Um die Altstadt zu beleben, wäre es laut Hornung sinnvoller gewesen, mehr Parkplätze zu schaffen, die an die Größe heutiger Autos angepasst sind. Sein kritisches Fazit: „Wir Geschäftsleute versuchen, die Altstadt am Leben zu erhalten, und die Stadt macht es uns mit diesen Entscheidungen nicht leichter.“

“Es würde mich stören, wenn jemand auf der Straße vor mir fährt.”

Auch Ayten Pinto, Geschäftsführerin des Brautmodengeschäftes Eternity nahe der Martin-Huber-Treppe, spricht sich dafür aus, die Verkehrssituation in der Altstadt “am besten so zu lassen”. Seit rund 16 Jahren führt er sein Unternehmen in Dachau. Den Pendlerverkehr in der Altstadt empfindet er nicht als störend – im Gegenteil: „Hier sollten mehr Autos fahren“, sagt er, denn aus Autofahrern können auch Spontankunden werden, die bei ihm zum Beispiel Wäsche kaufen. Auch für die 20-km/h-Vorschrift zeigt er kein Verständnis: “Es würde mich stören, wenn jemand im Schneckentempo vor mir fahren würde.” Wie Edith Hornung sieht Pinto die Parkplatzsituation in der Altstadt als drängenderes Problem, das die Stadt endlich angehen sollte: “Das Parkhaus ist immer voll.”

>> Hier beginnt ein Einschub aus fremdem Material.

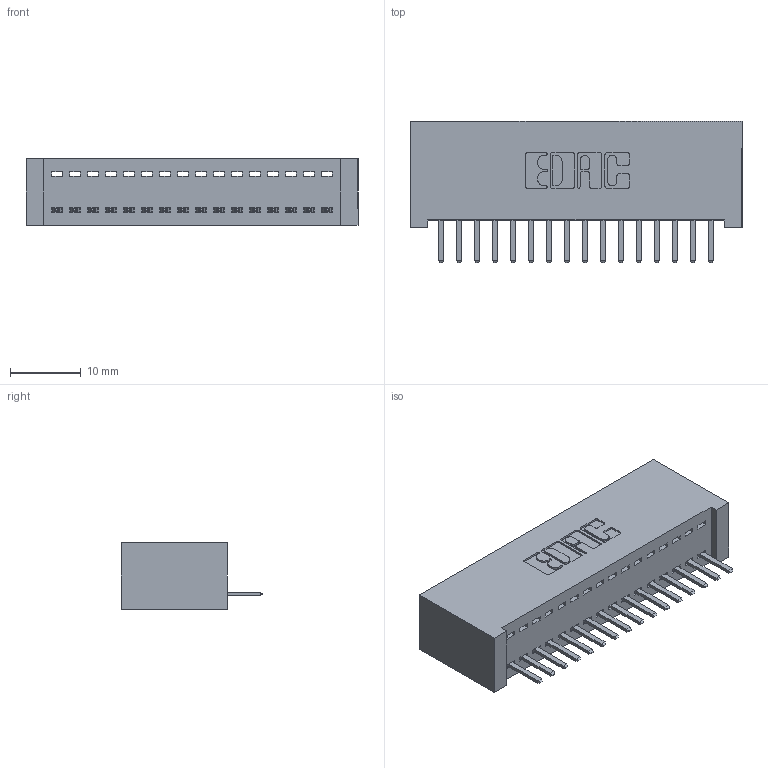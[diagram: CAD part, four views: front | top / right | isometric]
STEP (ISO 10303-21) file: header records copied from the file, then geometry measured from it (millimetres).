
FILE_DESCRIPTION (( 'STEP AP203' ), '1' );
FILE_NAME ('392-016-520-101.STEP', '2019-10-07T02:54:40', ( '' ), ( '' ), 'SwSTEP 2.0', 'SolidWorks 2016', '' );
FILE_SCHEMA (( 'CONFIG_CONTROL_DESIGN' ));
Length unit declared in the file: inch
Products named in the file (3): 392-016-520-101; 342 Part_Lugless; 345-292-001_345-293-120
Assembly tree (17 placements, depth 2):
  392-016-520-101
    342 Part_Lugless
    345-292-001_345-293-120  x16
Bounding box: 46.89 x 20.02 x 9.4 mm (x, y, z)
Volume: 4378.4 mm3; surface area: 6120.1 mm2
Topology: 17 solids, 17 shells, 1094 faces, 3219 edges, 2102 vertices
Faces by surface type: plane 766, cylinder 328
Entity records: 12849 total; most frequent: CARTESIAN_POINT 2238, ORIENTED_EDGE 2178, DIRECTION 1921, EDGE_CURVE 1089, VECTOR 965, LINE 965, VERTEX_POINT 722, AXIS2_PLACEMENT_3D 478
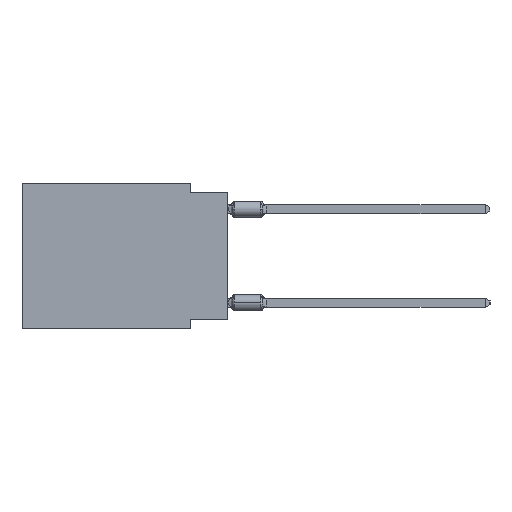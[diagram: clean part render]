
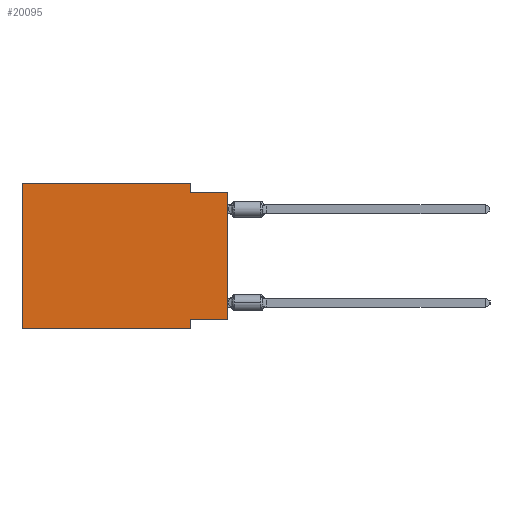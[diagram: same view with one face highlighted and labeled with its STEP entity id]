
A CAD part, left-side view. The second image highlights one B-rep face of the part: STEP entity #20095.
In plain terms, the highlighted planar face has unit normal (-1, 0, 0).
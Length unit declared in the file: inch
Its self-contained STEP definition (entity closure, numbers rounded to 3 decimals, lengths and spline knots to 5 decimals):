
#188 = CARTESIAN_POINT ( 'NONE',  ( 0., 0.55, -0.39 ) ) ;
#2367 = LINE ( 'NONE', #16335, #38333 ) ;
#3156 = VECTOR ( 'NONE', #32687, 39.37008 ) ;
#3178 = CARTESIAN_POINT ( 'NONE',  ( 0., 0.1, 0. ) ) ;
#3732 = LINE ( 'NONE', #188, #15424 ) ;
#5360 = VERTEX_POINT ( 'NONE', #17530 ) ;
#7569 = ORIENTED_EDGE ( 'NONE', *, *, #9392, .F. ) ;
#7946 = EDGE_CURVE ( 'NONE', #19980, #8687, #3732, .T. ) ;
#8614 = VECTOR ( 'NONE', #33098, 39.37008 ) ;
#8687 = VERTEX_POINT ( 'NONE', #14262 ) ;
#8725 = VERTEX_POINT ( 'NONE', #28164 ) ;
#8934 = DIRECTION ( 'NONE',  ( 0., 0., 1. ) ) ;
#9392 = EDGE_CURVE ( 'NONE', #31759, #8687, #45195, .T. ) ;
#9730 = DIRECTION ( 'NONE',  ( 0., 0., 1. ) ) ;
#10858 = CARTESIAN_POINT ( 'NONE',  ( 0., 0.55, -0.39 ) ) ;
#11801 = DIRECTION ( 'NONE',  ( 0., 0., -1. ) ) ;
#13048 = CARTESIAN_POINT ( 'NONE',  ( 0., 0., 0. ) ) ;
#14262 = CARTESIAN_POINT ( 'NONE',  ( 0., 0.1, -0.39 ) ) ;
#14521 = CARTESIAN_POINT ( 'NONE',  ( 0., 0.1, -0.025 ) ) ;
#14662 = AXIS2_PLACEMENT_3D ( 'NONE', #44056, #40062, #11801 ) ;
#14977 = EDGE_CURVE ( 'NONE', #8725, #38420, #18549, .T. ) ;
#15218 = EDGE_CURVE ( 'NONE', #41080, #31759, #15479, .T. ) ;
#15424 = VECTOR ( 'NONE', #35127, 39.37008 ) ;
#15479 = LINE ( 'NONE', #26072, #41156 ) ;
#16335 = CARTESIAN_POINT ( 'NONE',  ( 0., 0.55, 0. ) ) ;
#16827 = LINE ( 'NONE', #13048, #23400 ) ;
#17530 = CARTESIAN_POINT ( 'NONE',  ( 0., 0.55, 0. ) ) ;
#18549 = LINE ( 'NONE', #3178, #3156 ) ;
#18626 = ORIENTED_EDGE ( 'NONE', *, *, #15218, .F. ) ;
#18748 = ORIENTED_EDGE ( 'NONE', *, *, #45034, .T. ) ;
#19980 = VERTEX_POINT ( 'NONE', #10858 ) ;
#20019 = CARTESIAN_POINT ( 'NONE',  ( 0., 0.1, -0.39 ) ) ;
#20095 = ADVANCED_FACE ( 'NONE', ( #40302 ), #33480, .F. ) ;
#20235 = DIRECTION ( 'NONE',  ( 0., 0., -1. ) ) ;
#22884 = CARTESIAN_POINT ( 'NONE',  ( 0., 0.55, 0. ) ) ;
#23400 = VECTOR ( 'NONE', #9730, 39.37008 ) ;
#23459 = VECTOR ( 'NONE', #8934, 39.37008 ) ;
#24099 = ORIENTED_EDGE ( 'NONE', *, *, #7946, .T. ) ;
#24661 = ORIENTED_EDGE ( 'NONE', *, *, #41636, .F. ) ;
#25244 = VECTOR ( 'NONE', #20235, 39.37008 ) ;
#26072 = CARTESIAN_POINT ( 'NONE',  ( 0., 0., -0.365 ) ) ;
#26529 = DIRECTION ( 'NONE',  ( 0., 1., 0. ) ) ;
#27341 = LINE ( 'NONE', #22884, #23459 ) ;
#27705 = ORIENTED_EDGE ( 'NONE', *, *, #28056, .F. ) ;
#28056 = EDGE_CURVE ( 'NONE', #5360, #8725, #2367, .T. ) ;
#28164 = CARTESIAN_POINT ( 'NONE',  ( 0., 0.1, 0. ) ) ;
#29314 = ORIENTED_EDGE ( 'NONE', *, *, #36554, .F. ) ;
#31759 = VERTEX_POINT ( 'NONE', #41015 ) ;
#32687 = DIRECTION ( 'NONE',  ( 0., 0., -1. ) ) ;
#33098 = DIRECTION ( 'NONE',  ( 0., -1., 0. ) ) ;
#33480 = PLANE ( 'NONE',  #14662 ) ;
#34477 = DIRECTION ( 'NONE',  ( 0., -1., 0. ) ) ;
#35127 = DIRECTION ( 'NONE',  ( 0., -1., 0. ) ) ;
#36554 = EDGE_CURVE ( 'NONE', #19980, #5360, #27341, .T. ) ;
#38333 = VECTOR ( 'NONE', #34477, 39.37008 ) ;
#38420 = VERTEX_POINT ( 'NONE', #14521 ) ;
#39241 = CARTESIAN_POINT ( 'NONE',  ( 0., 0., -0.365 ) ) ;
#39911 = LINE ( 'NONE', #40616, #8614 ) ;
#40062 = DIRECTION ( 'NONE',  ( 1., 0., 0. ) ) ;
#40302 = FACE_OUTER_BOUND ( 'NONE', #44041, .T. ) ;
#40616 = CARTESIAN_POINT ( 'NONE',  ( 0., 0., -0.025 ) ) ;
#41015 = CARTESIAN_POINT ( 'NONE',  ( 0., 0.1, -0.365 ) ) ;
#41051 = CARTESIAN_POINT ( 'NONE',  ( 0., 0., -0.025 ) ) ;
#41080 = VERTEX_POINT ( 'NONE', #39241 ) ;
#41156 = VECTOR ( 'NONE', #26529, 39.37008 ) ;
#41636 = EDGE_CURVE ( 'NONE', #38420, #46516, #39911, .T. ) ;
#44041 = EDGE_LOOP ( 'NONE', ( #18748, #24661, #45900, #27705, #29314, #24099, #7569, #18626 ) ) ;
#44056 = CARTESIAN_POINT ( 'NONE',  ( 0., 0.55, 0. ) ) ;
#45034 = EDGE_CURVE ( 'NONE', #41080, #46516, #16827, .T. ) ;
#45195 = LINE ( 'NONE', #20019, #25244 ) ;
#45900 = ORIENTED_EDGE ( 'NONE', *, *, #14977, .F. ) ;
#46516 = VERTEX_POINT ( 'NONE', #41051 ) ;
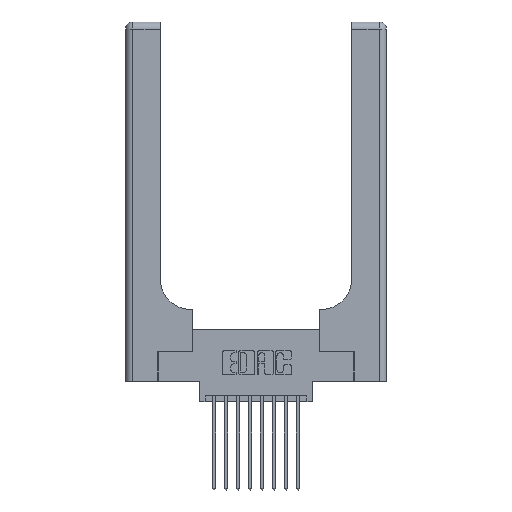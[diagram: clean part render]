
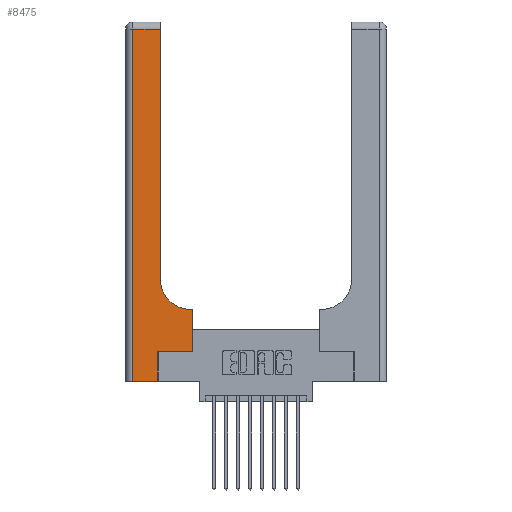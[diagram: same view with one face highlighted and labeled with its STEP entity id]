
A CAD part, top view. The second image highlights one B-rep face of the part: STEP entity #8475.
In plain terms, the highlighted planar face has unit normal (0, 0, 1).
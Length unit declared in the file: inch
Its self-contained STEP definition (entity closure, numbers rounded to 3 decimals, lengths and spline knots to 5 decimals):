
#15 = DIRECTION ( 'NONE',  ( 0., 1., 0. ) ) ;
#46 = LINE ( 'NONE', #3501, #9791 ) ;
#597 = LINE ( 'NONE', #9898, #13522 ) ;
#894 = LINE ( 'NONE', #6025, #3835 ) ;
#931 = EDGE_CURVE ( 'NONE', #15951, #14825, #11582, .T. ) ;
#1789 = ORIENTED_EDGE ( 'NONE', *, *, #931, .T. ) ;
#1982 = DIRECTION ( 'NONE',  ( 0., 1., 0. ) ) ;
#2554 = EDGE_LOOP ( 'NONE', ( #14297, #1789, #8932, #9337, #12937, #3359, #7187, #4563, #8344 ) ) ;
#2772 = CARTESIAN_POINT ( 'NONE',  ( 0.06, 2.94, 0.37 ) ) ;
#3320 = DIRECTION ( 'NONE',  ( 0., -1., 0. ) ) ;
#3349 = VECTOR ( 'NONE', #10469, 39.37008 ) ;
#3359 = ORIENTED_EDGE ( 'NONE', *, *, #13746, .T. ) ;
#3501 = CARTESIAN_POINT ( 'NONE',  ( 0., 0., 0.37 ) ) ;
#3751 = LINE ( 'NONE', #9229, #3349 ) ;
#3835 = VECTOR ( 'NONE', #8535, 39.37008 ) ;
#3951 = CARTESIAN_POINT ( 'NONE',  ( 0.06, 0., 0.37 ) ) ;
#4326 = EDGE_CURVE ( 'NONE', #6404, #13163, #46, .T. ) ;
#4443 = CARTESIAN_POINT ( 'NONE',  ( 0., 2.94, 0.37 ) ) ;
#4490 = CARTESIAN_POINT ( 'NONE',  ( 0.5585, 0.6, 0.37 ) ) ;
#4563 = ORIENTED_EDGE ( 'NONE', *, *, #9212, .T. ) ;
#4689 = DIRECTION ( 'NONE',  ( 0., 0., -1. ) ) ;
#5238 = CIRCLE ( 'NONE', #15372, 0.25 ) ;
#5950 = CARTESIAN_POINT ( 'NONE',  ( 0., 3., 0.37 ) ) ;
#5988 = VECTOR ( 'NONE', #15, 39.37008 ) ;
#6025 = CARTESIAN_POINT ( 'NONE',  ( 0.269, 0.25, 0.37 ) ) ;
#6399 = CARTESIAN_POINT ( 'NONE',  ( 0.2915, 3., 0.37 ) ) ;
#6404 = VERTEX_POINT ( 'NONE', #3951 ) ;
#6473 = DIRECTION ( 'NONE',  ( -1., 0., 0. ) ) ;
#6561 = VERTEX_POINT ( 'NONE', #7725 ) ;
#7046 = EDGE_CURVE ( 'NONE', #10390, #15951, #9733, .T. ) ;
#7181 = CARTESIAN_POINT ( 'NONE',  ( 0.2915, 0.85, 0.37 ) ) ;
#7187 = ORIENTED_EDGE ( 'NONE', *, *, #9477, .T. ) ;
#7232 = DIRECTION ( 'NONE',  ( 0., 0., -1. ) ) ;
#7520 = VERTEX_POINT ( 'NONE', #12316 ) ;
#7725 = CARTESIAN_POINT ( 'NONE',  ( 0.5585, 0.25, 0.37 ) ) ;
#8133 = LINE ( 'NONE', #12021, #11058 ) ;
#8344 = ORIENTED_EDGE ( 'NONE', *, *, #14208, .T. ) ;
#8475 = ADVANCED_FACE ( 'NONE', ( #12213 ), #13338, .F. ) ;
#8535 = DIRECTION ( 'NONE',  ( 1., 0., 0. ) ) ;
#8722 = CARTESIAN_POINT ( 'NONE',  ( 0.2915, 2.94, 0.37 ) ) ;
#8932 = ORIENTED_EDGE ( 'NONE', *, *, #11447, .T. ) ;
#9008 = VERTEX_POINT ( 'NONE', #10748 ) ;
#9087 = LINE ( 'NONE', #13305, #11946 ) ;
#9212 = EDGE_CURVE ( 'NONE', #14393, #9008, #597, .T. ) ;
#9229 = CARTESIAN_POINT ( 'NONE',  ( 0.5585, 0.25, 0.37 ) ) ;
#9337 = ORIENTED_EDGE ( 'NONE', *, *, #4326, .T. ) ;
#9463 = CARTESIAN_POINT ( 'NONE',  ( 0.269, 0., 0.37 ) ) ;
#9477 = EDGE_CURVE ( 'NONE', #6561, #14393, #3751, .T. ) ;
#9733 = LINE ( 'NONE', #6399, #5988 ) ;
#9791 = VECTOR ( 'NONE', #9841, 39.37008 ) ;
#9837 = DIRECTION ( 'NONE',  ( -1., 0., 0. ) ) ;
#9841 = DIRECTION ( 'NONE',  ( 1., 0., 0. ) ) ;
#9898 = CARTESIAN_POINT ( 'NONE',  ( 0.2915, 0.6, 0.37 ) ) ;
#10340 = EDGE_CURVE ( 'NONE', #13163, #7520, #8133, .T. ) ;
#10390 = VERTEX_POINT ( 'NONE', #7181 ) ;
#10469 = DIRECTION ( 'NONE',  ( 0., 1., 0. ) ) ;
#10748 = CARTESIAN_POINT ( 'NONE',  ( 0.5415, 0.6, 0.37 ) ) ;
#11058 = VECTOR ( 'NONE', #1982, 39.37008 ) ;
#11447 = EDGE_CURVE ( 'NONE', #14825, #6404, #9087, .T. ) ;
#11582 = LINE ( 'NONE', #4443, #14857 ) ;
#11946 = VECTOR ( 'NONE', #3320, 39.37008 ) ;
#12021 = CARTESIAN_POINT ( 'NONE',  ( 0.269, 0., 0.37 ) ) ;
#12181 = CARTESIAN_POINT ( 'NONE',  ( 0.5415, 0.85, 0.37 ) ) ;
#12213 = FACE_OUTER_BOUND ( 'NONE', #2554, .T. ) ;
#12316 = CARTESIAN_POINT ( 'NONE',  ( 0.269, 0.25, 0.37 ) ) ;
#12937 = ORIENTED_EDGE ( 'NONE', *, *, #10340, .T. ) ;
#13163 = VERTEX_POINT ( 'NONE', #9463 ) ;
#13216 = AXIS2_PLACEMENT_3D ( 'NONE', #5950, #7232, #15831 ) ;
#13305 = CARTESIAN_POINT ( 'NONE',  ( 0.06, 3., 0.37 ) ) ;
#13338 = PLANE ( 'NONE',  #13216 ) ;
#13392 = DIRECTION ( 'NONE',  ( 1., 0., 0. ) ) ;
#13522 = VECTOR ( 'NONE', #9837, 39.37008 ) ;
#13746 = EDGE_CURVE ( 'NONE', #7520, #6561, #894, .T. ) ;
#14208 = EDGE_CURVE ( 'NONE', #9008, #10390, #5238, .T. ) ;
#14297 = ORIENTED_EDGE ( 'NONE', *, *, #7046, .T. ) ;
#14393 = VERTEX_POINT ( 'NONE', #4490 ) ;
#14825 = VERTEX_POINT ( 'NONE', #2772 ) ;
#14857 = VECTOR ( 'NONE', #6473, 39.37008 ) ;
#15372 = AXIS2_PLACEMENT_3D ( 'NONE', #12181, #4689, #13392 ) ;
#15831 = DIRECTION ( 'NONE',  ( -1., 0., 0. ) ) ;
#15951 = VERTEX_POINT ( 'NONE', #8722 ) ;

Thomas Ramsauer, Geschäftsführer der Kulturschranne, meint, die Stadt hätte vor einer solchen Entscheidung die Geschäftsleute der Altstadt fragen müssen. Schließlich haben sich seine Gäste noch nie darüber beschwert, von vorbeifahrenden Autos gestört zu werden. Er bezweifelt auch, dass der Autolärm in der Altstadt wirklich abnimmt, wenn die Geschwindigkeitsbegrenzung nur noch Tempo 20 statt Tempo 30 beträgt: “Haben Sie vorher ermittelt, wie sich das auf den Lärmpegel auswirkt?” er fragt. Ramsauer steht auch Pendlern, die über Karlsberg nach München reisen, positiv gegenüber und erklärt mit dem Beispiel warum: „Wenn man jeden Tag am Weihnachtsmarkt vorbeifährt, denkt man manchmal daran, dorthin zu fahren.“

Die Altstadt sei ohnehin längst autofrei, sagt Ramsauer: „Hier sind sowieso kaum Menschen.“ Seine Forderung ist daher eindeutig: „Die Altstadt soll mit immer mehr Geschäften belebt werden“, und fügt hinzu: „Wenn mehr Beschränkungen verhängt werden, wäre es eigentlich das Gegenteil.“

Wann die 20-km/h-Zone und das Rechtsabbiegeverbot in Kraft treten, steht laut Stadt noch nicht fest, das Amt arbeitet derzeit an der verkehrsrechtlichen Ausgestaltung.